** PROBLEM TO SOLVE **
Starting with the line containing "M043 : Subsystem" and going on through the line containing "M154 : Subsystem", return the lines of the data below exactly, and only those.

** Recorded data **
-.-.-

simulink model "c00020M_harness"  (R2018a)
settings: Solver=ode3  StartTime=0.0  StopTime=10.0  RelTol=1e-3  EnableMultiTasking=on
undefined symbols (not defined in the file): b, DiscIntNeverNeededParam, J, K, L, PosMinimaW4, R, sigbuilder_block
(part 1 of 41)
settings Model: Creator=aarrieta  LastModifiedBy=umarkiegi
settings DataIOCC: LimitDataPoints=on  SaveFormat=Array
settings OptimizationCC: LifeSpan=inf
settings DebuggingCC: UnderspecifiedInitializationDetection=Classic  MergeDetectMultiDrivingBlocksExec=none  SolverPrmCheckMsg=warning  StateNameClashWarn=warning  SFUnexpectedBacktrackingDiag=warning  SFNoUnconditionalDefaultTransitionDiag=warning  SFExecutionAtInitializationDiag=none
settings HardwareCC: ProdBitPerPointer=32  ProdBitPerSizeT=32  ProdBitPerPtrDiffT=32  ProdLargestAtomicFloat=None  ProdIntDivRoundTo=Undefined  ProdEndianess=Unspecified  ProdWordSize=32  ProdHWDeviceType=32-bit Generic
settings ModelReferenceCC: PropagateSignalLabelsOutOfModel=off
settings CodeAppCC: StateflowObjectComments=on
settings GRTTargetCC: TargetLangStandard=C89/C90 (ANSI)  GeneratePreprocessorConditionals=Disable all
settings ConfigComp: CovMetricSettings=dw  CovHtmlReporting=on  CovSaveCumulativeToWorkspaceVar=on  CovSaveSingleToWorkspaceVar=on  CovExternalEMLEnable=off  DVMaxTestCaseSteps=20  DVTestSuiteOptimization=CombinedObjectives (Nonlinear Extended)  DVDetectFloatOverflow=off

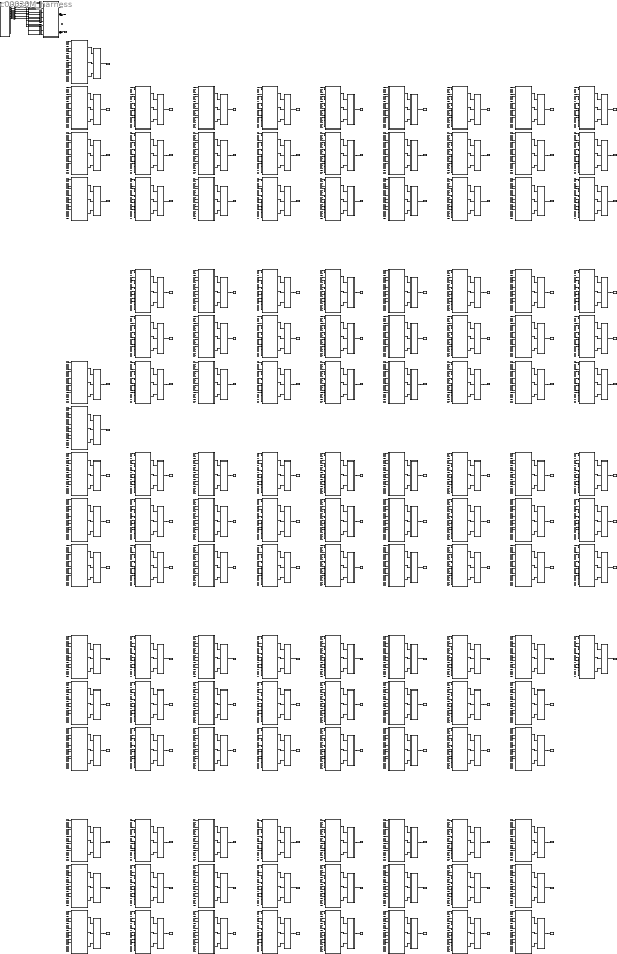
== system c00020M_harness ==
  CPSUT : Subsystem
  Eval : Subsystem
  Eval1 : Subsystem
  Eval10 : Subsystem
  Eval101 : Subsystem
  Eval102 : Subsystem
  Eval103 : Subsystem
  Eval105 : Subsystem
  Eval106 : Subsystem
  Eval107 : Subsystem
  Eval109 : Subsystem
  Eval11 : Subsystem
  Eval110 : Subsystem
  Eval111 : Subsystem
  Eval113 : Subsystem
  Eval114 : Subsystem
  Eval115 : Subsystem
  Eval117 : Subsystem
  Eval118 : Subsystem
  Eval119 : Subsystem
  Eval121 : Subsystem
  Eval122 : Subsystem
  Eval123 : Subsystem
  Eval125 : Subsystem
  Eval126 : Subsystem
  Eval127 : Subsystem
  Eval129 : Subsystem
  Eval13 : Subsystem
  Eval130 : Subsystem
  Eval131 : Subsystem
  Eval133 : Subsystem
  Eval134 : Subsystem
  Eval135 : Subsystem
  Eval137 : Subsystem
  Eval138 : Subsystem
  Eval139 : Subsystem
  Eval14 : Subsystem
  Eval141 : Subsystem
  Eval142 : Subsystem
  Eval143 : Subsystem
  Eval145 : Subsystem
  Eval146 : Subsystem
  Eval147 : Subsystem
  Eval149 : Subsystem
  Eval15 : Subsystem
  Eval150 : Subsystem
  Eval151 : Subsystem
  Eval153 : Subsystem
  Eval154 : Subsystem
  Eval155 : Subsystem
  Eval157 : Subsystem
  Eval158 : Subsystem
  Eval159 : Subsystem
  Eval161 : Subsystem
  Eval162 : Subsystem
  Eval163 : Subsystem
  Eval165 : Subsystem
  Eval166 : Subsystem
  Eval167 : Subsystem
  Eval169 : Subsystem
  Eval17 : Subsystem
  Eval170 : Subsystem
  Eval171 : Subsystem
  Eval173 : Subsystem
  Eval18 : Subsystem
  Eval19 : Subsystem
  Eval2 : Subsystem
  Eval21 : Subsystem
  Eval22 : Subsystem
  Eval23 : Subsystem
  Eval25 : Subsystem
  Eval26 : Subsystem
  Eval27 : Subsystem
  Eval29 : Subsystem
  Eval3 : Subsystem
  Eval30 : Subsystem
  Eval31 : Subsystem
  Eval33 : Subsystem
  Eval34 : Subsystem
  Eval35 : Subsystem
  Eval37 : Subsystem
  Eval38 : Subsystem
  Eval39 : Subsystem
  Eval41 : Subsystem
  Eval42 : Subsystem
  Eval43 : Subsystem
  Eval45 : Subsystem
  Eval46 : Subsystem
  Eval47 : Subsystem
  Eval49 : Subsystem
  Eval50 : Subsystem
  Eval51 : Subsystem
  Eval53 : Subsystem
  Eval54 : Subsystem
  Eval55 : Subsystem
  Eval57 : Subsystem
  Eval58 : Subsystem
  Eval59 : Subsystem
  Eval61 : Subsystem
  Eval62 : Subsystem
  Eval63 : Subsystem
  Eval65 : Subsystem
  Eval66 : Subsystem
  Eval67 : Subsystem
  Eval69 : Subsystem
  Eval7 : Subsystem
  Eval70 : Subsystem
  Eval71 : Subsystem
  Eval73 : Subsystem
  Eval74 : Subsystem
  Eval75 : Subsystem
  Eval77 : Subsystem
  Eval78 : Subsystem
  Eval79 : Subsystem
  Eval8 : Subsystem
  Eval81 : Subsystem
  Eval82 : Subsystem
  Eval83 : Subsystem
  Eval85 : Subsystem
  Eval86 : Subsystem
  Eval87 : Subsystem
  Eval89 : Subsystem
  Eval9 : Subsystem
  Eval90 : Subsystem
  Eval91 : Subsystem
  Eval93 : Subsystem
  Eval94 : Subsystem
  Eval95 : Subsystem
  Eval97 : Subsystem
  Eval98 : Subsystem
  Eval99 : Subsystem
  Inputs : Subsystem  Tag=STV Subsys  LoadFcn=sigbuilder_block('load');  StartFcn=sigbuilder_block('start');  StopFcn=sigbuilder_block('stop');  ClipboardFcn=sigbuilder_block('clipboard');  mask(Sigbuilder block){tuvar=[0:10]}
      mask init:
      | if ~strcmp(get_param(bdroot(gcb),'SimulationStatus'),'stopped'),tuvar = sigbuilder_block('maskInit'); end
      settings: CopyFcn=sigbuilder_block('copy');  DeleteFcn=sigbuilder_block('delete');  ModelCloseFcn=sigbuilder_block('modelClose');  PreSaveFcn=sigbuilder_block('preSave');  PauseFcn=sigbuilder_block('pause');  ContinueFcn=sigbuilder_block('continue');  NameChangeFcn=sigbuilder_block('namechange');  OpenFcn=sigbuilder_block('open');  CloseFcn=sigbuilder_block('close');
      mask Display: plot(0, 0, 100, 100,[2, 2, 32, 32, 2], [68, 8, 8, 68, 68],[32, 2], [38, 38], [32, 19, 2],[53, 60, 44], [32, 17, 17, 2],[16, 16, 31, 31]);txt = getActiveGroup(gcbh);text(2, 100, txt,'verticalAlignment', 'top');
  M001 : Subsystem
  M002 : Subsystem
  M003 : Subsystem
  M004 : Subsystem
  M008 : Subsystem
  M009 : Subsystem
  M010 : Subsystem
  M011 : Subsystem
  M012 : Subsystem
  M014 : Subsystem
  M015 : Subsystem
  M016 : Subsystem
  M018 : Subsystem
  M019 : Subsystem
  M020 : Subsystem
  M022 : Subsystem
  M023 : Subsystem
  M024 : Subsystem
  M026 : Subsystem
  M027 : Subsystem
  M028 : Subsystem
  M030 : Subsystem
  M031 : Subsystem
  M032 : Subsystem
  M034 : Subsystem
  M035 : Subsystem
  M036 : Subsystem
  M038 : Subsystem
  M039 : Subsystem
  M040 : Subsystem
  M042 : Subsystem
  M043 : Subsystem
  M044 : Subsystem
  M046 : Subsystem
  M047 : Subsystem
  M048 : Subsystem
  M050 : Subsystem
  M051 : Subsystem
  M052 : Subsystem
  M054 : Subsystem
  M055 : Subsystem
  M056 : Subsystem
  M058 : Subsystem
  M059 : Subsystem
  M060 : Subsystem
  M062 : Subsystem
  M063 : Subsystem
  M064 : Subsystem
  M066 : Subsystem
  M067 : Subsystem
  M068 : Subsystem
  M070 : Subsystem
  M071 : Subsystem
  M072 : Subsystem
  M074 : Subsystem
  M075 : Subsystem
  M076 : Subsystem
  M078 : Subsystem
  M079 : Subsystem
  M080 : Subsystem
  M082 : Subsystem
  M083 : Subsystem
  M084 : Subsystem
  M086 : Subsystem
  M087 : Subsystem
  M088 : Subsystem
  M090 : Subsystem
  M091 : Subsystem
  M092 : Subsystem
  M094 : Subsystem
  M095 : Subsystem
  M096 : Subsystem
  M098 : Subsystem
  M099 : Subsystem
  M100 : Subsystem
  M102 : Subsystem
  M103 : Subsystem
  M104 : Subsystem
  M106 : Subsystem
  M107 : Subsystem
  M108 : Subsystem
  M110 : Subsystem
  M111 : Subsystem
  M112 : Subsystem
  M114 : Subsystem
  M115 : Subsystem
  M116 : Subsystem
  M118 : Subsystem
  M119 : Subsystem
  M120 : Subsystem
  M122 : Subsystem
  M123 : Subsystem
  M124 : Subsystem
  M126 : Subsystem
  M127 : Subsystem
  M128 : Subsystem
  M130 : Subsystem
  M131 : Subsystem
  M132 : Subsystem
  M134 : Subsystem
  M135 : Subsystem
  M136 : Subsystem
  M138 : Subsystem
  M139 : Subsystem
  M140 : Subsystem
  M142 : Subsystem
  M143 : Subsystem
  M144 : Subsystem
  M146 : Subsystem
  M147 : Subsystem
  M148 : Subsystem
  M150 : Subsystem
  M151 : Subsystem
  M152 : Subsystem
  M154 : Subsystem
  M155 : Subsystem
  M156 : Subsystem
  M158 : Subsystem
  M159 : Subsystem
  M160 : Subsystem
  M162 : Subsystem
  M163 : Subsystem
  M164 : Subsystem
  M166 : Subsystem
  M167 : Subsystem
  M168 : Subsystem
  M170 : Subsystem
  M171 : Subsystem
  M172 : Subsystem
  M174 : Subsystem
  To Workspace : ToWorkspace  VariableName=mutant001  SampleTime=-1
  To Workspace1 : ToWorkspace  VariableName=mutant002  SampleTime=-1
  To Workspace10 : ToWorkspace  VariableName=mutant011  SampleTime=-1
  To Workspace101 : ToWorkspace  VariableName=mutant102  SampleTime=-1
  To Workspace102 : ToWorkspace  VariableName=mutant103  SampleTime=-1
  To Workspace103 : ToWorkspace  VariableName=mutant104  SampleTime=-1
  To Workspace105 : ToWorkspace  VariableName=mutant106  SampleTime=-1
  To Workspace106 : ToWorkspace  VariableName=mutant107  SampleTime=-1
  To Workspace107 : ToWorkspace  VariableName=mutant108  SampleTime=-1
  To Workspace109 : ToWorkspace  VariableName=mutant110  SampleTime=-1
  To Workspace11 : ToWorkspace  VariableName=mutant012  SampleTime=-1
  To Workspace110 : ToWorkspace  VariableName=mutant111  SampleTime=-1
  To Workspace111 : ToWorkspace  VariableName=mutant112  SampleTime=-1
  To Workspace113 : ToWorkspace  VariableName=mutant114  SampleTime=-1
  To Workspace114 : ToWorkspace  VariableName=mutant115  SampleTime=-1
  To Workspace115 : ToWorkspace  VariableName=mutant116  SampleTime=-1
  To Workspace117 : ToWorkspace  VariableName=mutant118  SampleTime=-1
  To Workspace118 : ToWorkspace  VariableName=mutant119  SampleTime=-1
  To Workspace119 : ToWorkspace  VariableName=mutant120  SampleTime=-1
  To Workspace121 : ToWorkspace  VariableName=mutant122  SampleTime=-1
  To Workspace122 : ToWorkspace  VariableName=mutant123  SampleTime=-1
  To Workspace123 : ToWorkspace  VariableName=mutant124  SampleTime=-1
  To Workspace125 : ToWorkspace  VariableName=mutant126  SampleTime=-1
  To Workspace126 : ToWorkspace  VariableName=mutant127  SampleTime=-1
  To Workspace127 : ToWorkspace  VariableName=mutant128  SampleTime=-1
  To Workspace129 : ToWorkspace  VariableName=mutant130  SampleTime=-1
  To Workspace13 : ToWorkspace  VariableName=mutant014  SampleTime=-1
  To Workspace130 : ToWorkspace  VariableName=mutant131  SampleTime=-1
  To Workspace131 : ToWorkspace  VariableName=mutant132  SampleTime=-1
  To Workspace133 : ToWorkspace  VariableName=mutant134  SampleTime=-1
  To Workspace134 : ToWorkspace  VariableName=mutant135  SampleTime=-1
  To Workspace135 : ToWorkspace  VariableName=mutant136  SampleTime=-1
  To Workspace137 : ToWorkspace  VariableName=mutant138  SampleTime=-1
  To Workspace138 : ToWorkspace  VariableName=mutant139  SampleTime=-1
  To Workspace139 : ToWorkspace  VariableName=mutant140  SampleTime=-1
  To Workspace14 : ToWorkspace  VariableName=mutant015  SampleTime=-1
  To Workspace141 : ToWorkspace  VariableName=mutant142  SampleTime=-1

-.-.-

** FINISHED TASK **
  M043 : Subsystem
  M044 : Subsystem
  M046 : Subsystem
  M047 : Subsystem
  M048 : Subsystem
  M050 : Subsystem
  M051 : Subsystem
  M052 : Subsystem
  M054 : Subsystem
  M055 : Subsystem
  M056 : Subsystem
  M058 : Subsystem
  M059 : Subsystem
  M060 : Subsystem
  M062 : Subsystem
  M063 : Subsystem
  M064 : Subsystem
  M066 : Subsystem
  M067 : Subsystem
  M068 : Subsystem
  M070 : Subsystem
  M071 : Subsystem
  M072 : Subsystem
  M074 : Subsystem
  M075 : Subsystem
  M076 : Subsystem
  M078 : Subsystem
  M079 : Subsystem
  M080 : Subsystem
  M082 : Subsystem
  M083 : Subsystem
  M084 : Subsystem
  M086 : Subsystem
  M087 : Subsystem
  M088 : Subsystem
  M090 : Subsystem
  M091 : Subsystem
  M092 : Subsystem
  M094 : Subsystem
  M095 : Subsystem
  M096 : Subsystem
  M098 : Subsystem
  M099 : Subsystem
  M100 : Subsystem
  M102 : Subsystem
  M103 : Subsystem
  M104 : Subsystem
  M106 : Subsystem
  M107 : Subsystem
  M108 : Subsystem
  M110 : Subsystem
  M111 : Subsystem
  M112 : Subsystem
  M114 : Subsystem
  M115 : Subsystem
  M116 : Subsystem
  M118 : Subsystem
  M119 : Subsystem
  M120 : Subsystem
  M122 : Subsystem
  M123 : Subsystem
  M124 : Subsystem
  M126 : Subsystem
  M127 : Subsystem
  M128 : Subsystem
  M130 : Subsystem
  M131 : Subsystem
  M132 : Subsystem
  M134 : Subsystem
  M135 : Subsystem
  M136 : Subsystem
  M138 : Subsystem
  M139 : Subsystem
  M140 : Subsystem
  M142 : Subsystem
  M143 : Subsystem
  M144 : Subsystem
  M146 : Subsystem
  M147 : Subsystem
  M148 : Subsystem
  M150 : Subsystem
  M151 : Subsystem
  M152 : Subsystem
  M154 : Subsystem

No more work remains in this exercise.